Der Haken daran ist jedoch, dass das Versenken in den Abgrund („Shooting the Gulf“) – um eine Formulierung zu bemühen, die Ralph Waldo Emerson in dem Essay Self-Reliance (1841) verwendete, in dem er argumentiert, dass Macht nicht im Stillstand, sondern im Übergang liegt – das Bild des menschlichen Willens, über die Natur zu herrschen, aufrecht erhält und verstärkt. Auch wenn die Intentionen in Werken wie Schillers Gedicht und Emersons Essay die Lesenden auffordern, sich nicht auf Ideen auszuruhen, die leicht starr werden können, scheinen dieselben Intentionen oft die Kontrolle und Manipulation nichtmenschlicher Elemente der Welt zu unserem Zweck und Nutzen zu beinhalten.

 

1930, in Folge der Schrecken des Ersten Weltkriegs, inmitten des rasanten Aufstiegs Hitlers und der Weltwirtschaftskrise, veröffentlichte Sigmund Freud eines seiner meistgepriesenen Werke, Das Unbehagen in der Kultur. Ziemlich früh taucht Sehnsucht auf in seiner buchfüllenden Analyse, warum das Unbehagen und die Entfremdung so tief empfunden wurden von den Menschen in den sich rasch modernisierenden Gegenden Europas, dem beeindruckenden Aufstieg technowissenschaftlicher Errungenschaften zum Trotz. Freud schreibt:

 

„In den letzten Generationen haben die Menschen außerordentliche Fortschritte in den Naturwissenschaften und in ihrer technischen Anwendung gemacht, ihre Herrschaft über die Natur in einer früher unvorstellbaren Weise befestigt. (…) Die Menschen sind stolz auf diese Errungenschaften und haben ein Recht dazu. Aber sie glauben bemerkt zu haben, daß diese neu gewonnene Verfügung über Raum und Zeit, diese Unterwerfung der Naturkräfte, die Erfüllung jahrtausendealter Sehnsucht, das Maß von Lustbefriedigung, das sie vom Leben erwarten, nicht erhöht, sie nach ihren Empfindungen nicht glücklicher gemacht hat.“[iv]

 

Sehnsucht ist der Schlüssel zu dieser Passage, denn Freud legt nahe, dass diese menschliche Beziehung zur nicht-menschlichen Welt ein Wunsch ist, der sehr wahrscheinlich prähistorischen Ursprungs ist.

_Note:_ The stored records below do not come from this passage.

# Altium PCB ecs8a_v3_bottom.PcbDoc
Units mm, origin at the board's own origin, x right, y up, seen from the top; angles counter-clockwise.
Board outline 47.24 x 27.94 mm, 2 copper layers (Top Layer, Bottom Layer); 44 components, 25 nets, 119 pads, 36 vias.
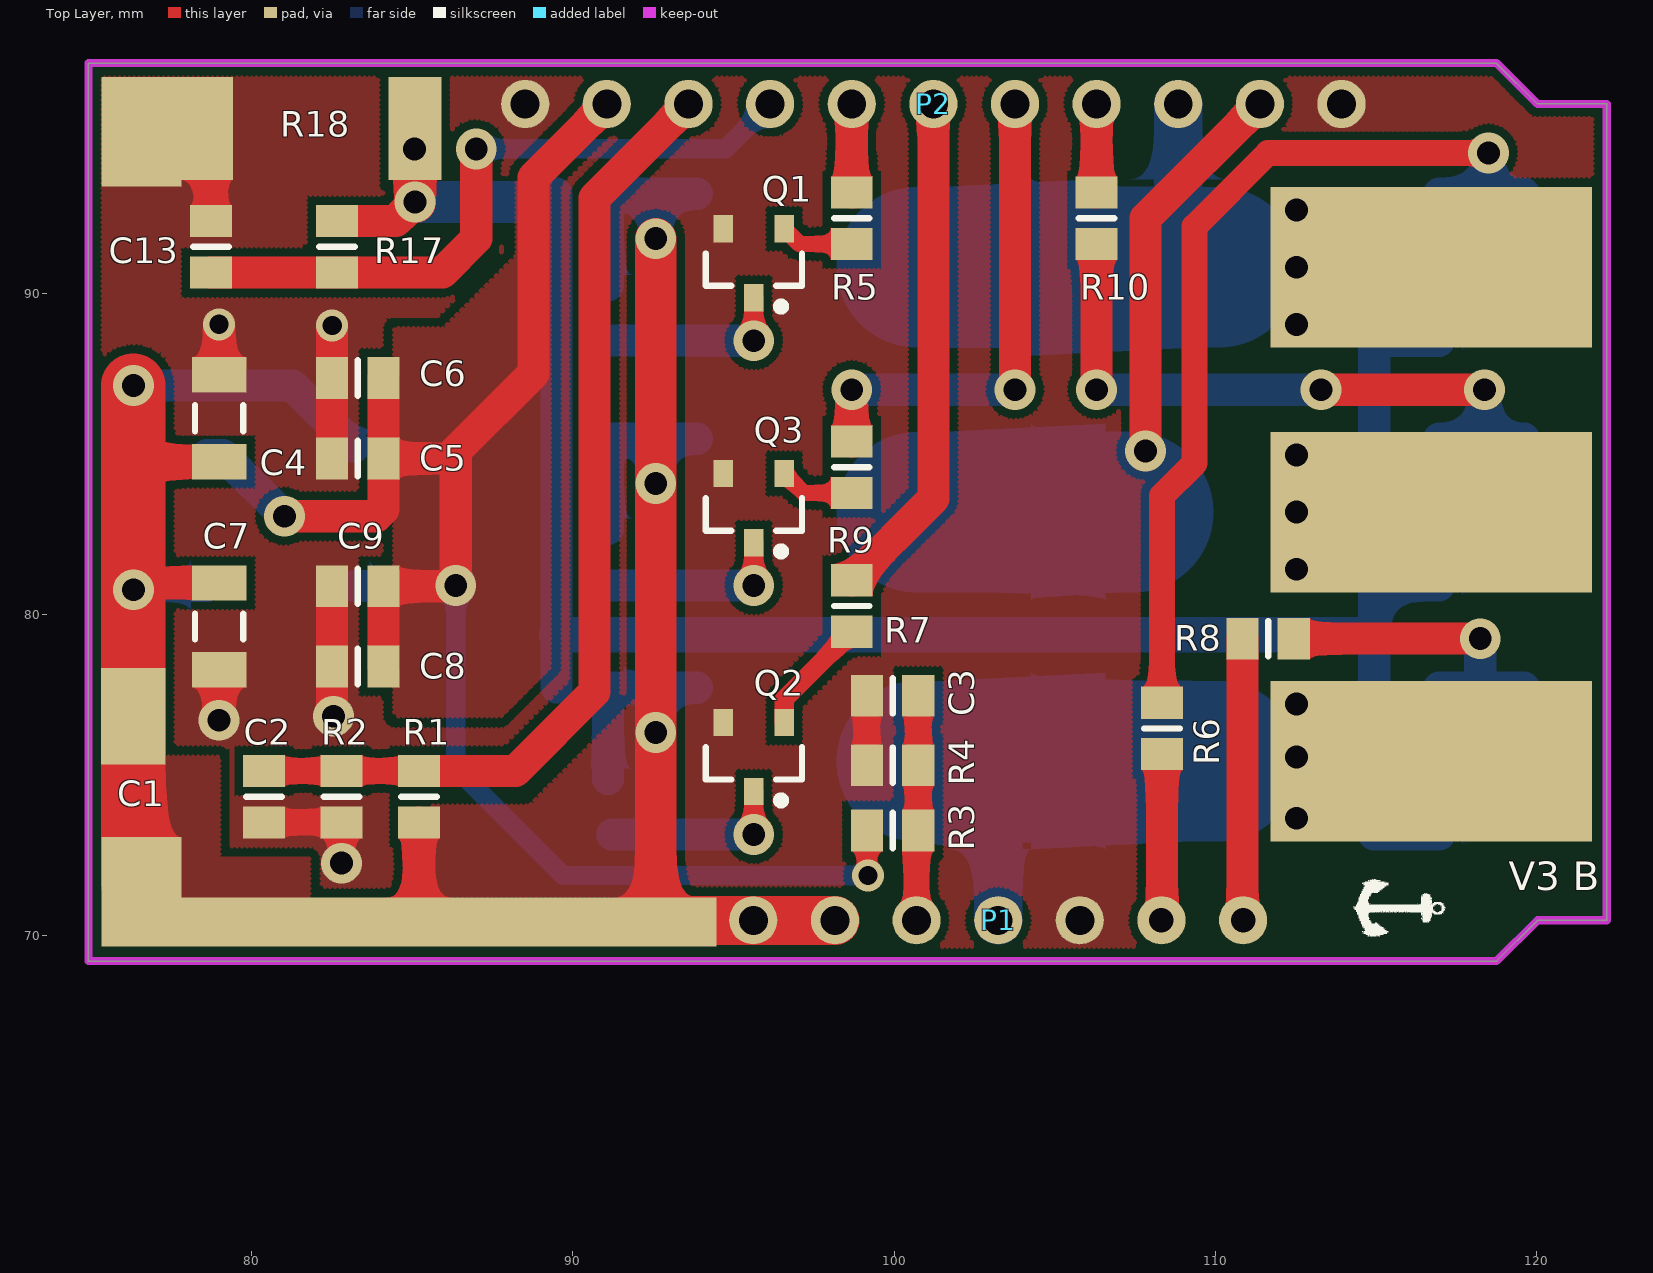
[diagram p0: Top Layer view]
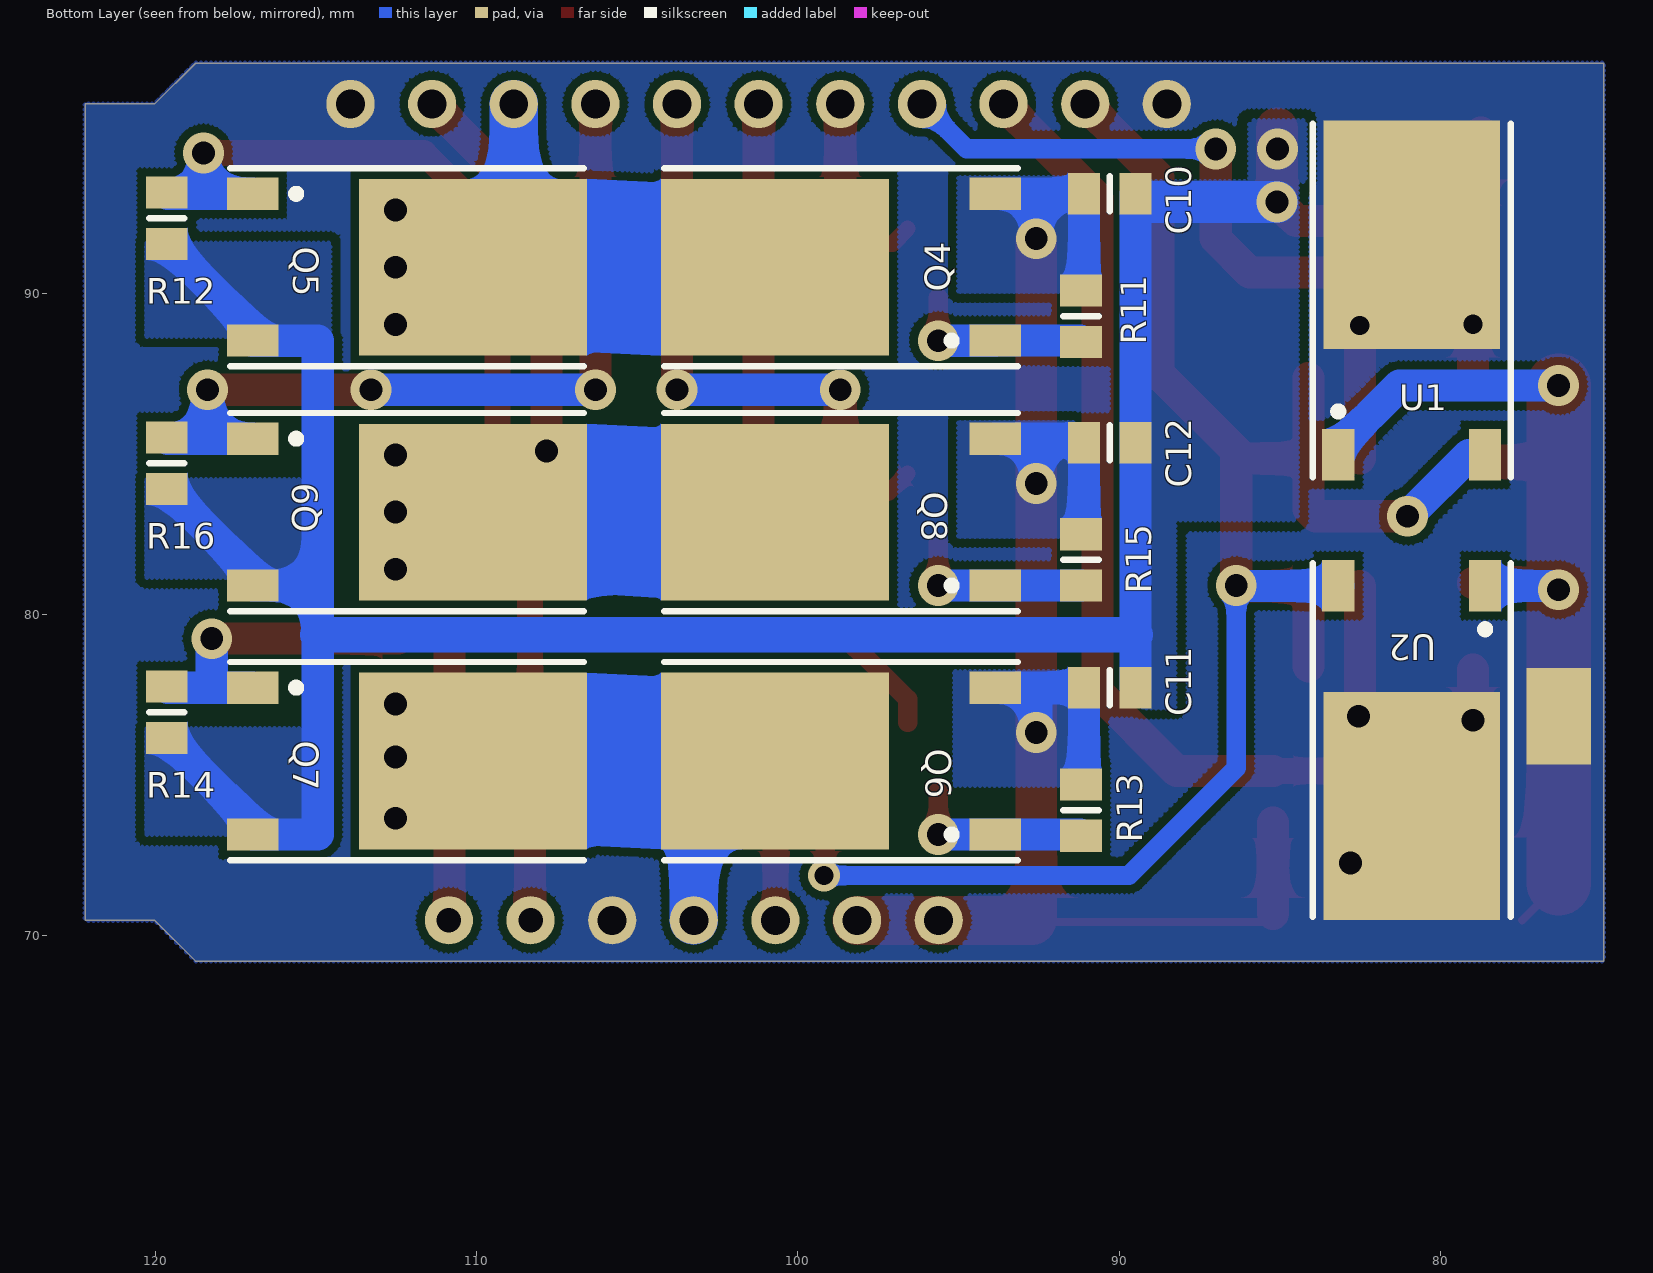
[diagram p1: Bottom Layer view, seen from below]

## Layer stack, top to bottom
Top Solder: solder mask 0.0102, Solder Resist, Dk 3.5
Top Layer: signal copper 0.0356
Dielectric 1: dielectric 0.32, FR-4, Dk 4.8
Bottom Layer: signal copper 0.0356
Bottom Solder: solder mask 0.0102, Solder Resist, Dk 3.5

## Board outline
74.93,69.215 74.93,97.155 118.745,97.155 120.015,95.885 122.169,95.885 122.169,70.485 120.015,70.485 118.745,69.215

## Design rules (kind name [scope] priority, off if disabled: settings)
Clearance [All] p1: gap=0.254
PolygonConnect [All] p1: connectstyle=Direct reliefconductorwidth=0.254 reliefentries=4 polygonreliefangle="90 Angle" airgapwidth=0.254
RoutingVias [All] p1: holewidth=0.711 width=1.27 viastyle="Through Hole" minholewidth=0.5 minwidth=1 maxholewidth=0.711 maxwidth=1.27
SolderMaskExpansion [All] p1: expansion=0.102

Folglich scheint es nicht überraschend, dass die Erfindungen der Dampfmaschine, der Eisenbahn und des Kinos diesen Wunsch voll und ganz erfüllen sollten.

 

Menschsein bedeutet, Sehnsucht zu begegnen; Menschsein bedeutet, sich nach Synchronizität mit den nicht-menschlichen Elementen der Erde zu sehnen und sich als ihnen unveräußert zu fühlen, und paradoxerweise die Kontrolle über dieselben Elemente der Erde zu erstreben, so dass wir uns als Herrscher dieser Erde fühlen.

 

Mit anderen Worten: Freud nutzte Sehnsucht, um die kognitive Dissonanz zu identifizieren, die er als weitverbreitete Folge der gelebten Erfahrung sah, Teil der Ökosysteme eines Planeten zu sein. Aber der menschliche Anteil an dieser Zusammensetzung und was es für Sehnsucht als Lehnwort bedeutet, ist kompliziert. Letztlich analysierte Freud das Leben in überwiegend westlich städtischen Umgebungen, das er in Dialog mit dem Leben in oft ländlichen oder landwirtschaftlich geprägten nicht-westlichen Umgebungen stellte. Er theoretisierte anhand von Sehnsucht in einer unscharfen Zone, in der sich kulturelle Spezifizität mit menschlicher Universalität vermischt. Das kommt uns gelegen, weil Sehnsucht auf die universelle Verfasstheit des Planeten, den wir teilen, reagiert, dabei jedoch von kulturellen Besonderheiten geprägt wird, die nicht die Unterschiede leugnet, wie Menschen die klimatischen Zukünfte erleben werden.

 

Interessanterweise behauptet Freud, dass sich die kognitive Dissonanz der Sehnsucht verstärkt habe auf Grund der Explosion der technowissenschaftlichen Entwicklungen im Westen und gleichzeitig auf Grund von globalen Expeditionen durch den Kontakt mit dem, was Freud im Jargon seiner Zeit als „primitive Völker und Stämme“ bezeichnet.[v] Auf seltsame Weise steht Freuds Sehnsucht mit den Eindrücken von H.G. Wells' Krieg der Welten (1897) in Resonanz, einem Werk der Science-Fiction, welches die Allegorie der umgekehrten Invasion – die Marsmenschen behandeln das britische Volk so, wie das britische Volk das tasmanische Volk behandelte – mit den Verheißungen der Umgestaltung des ganzen Planeten durch fortgeschrittene Technowissenschaft verbindet. In der Tat findet sich in der Science-Fiction-Literatur aus der Ära der kolonialen Expansion Europas ein Ausdruck der Hybris und Angst dieser Zeit. Sie bleibt ein Genre, das den Daseinszustand der Sehnsucht sowohl einfängt als auch neu imaginiert.

 

Jetzt, in den frühen Jahrzehnten des 21. Jahrhunderts, leben die Menschen in der Düsternis der sich abzeichnenden globalen Erwärmung, heimgesucht von der Aussicht, dass das menschliche Leben auf Erden erlöschen könnte.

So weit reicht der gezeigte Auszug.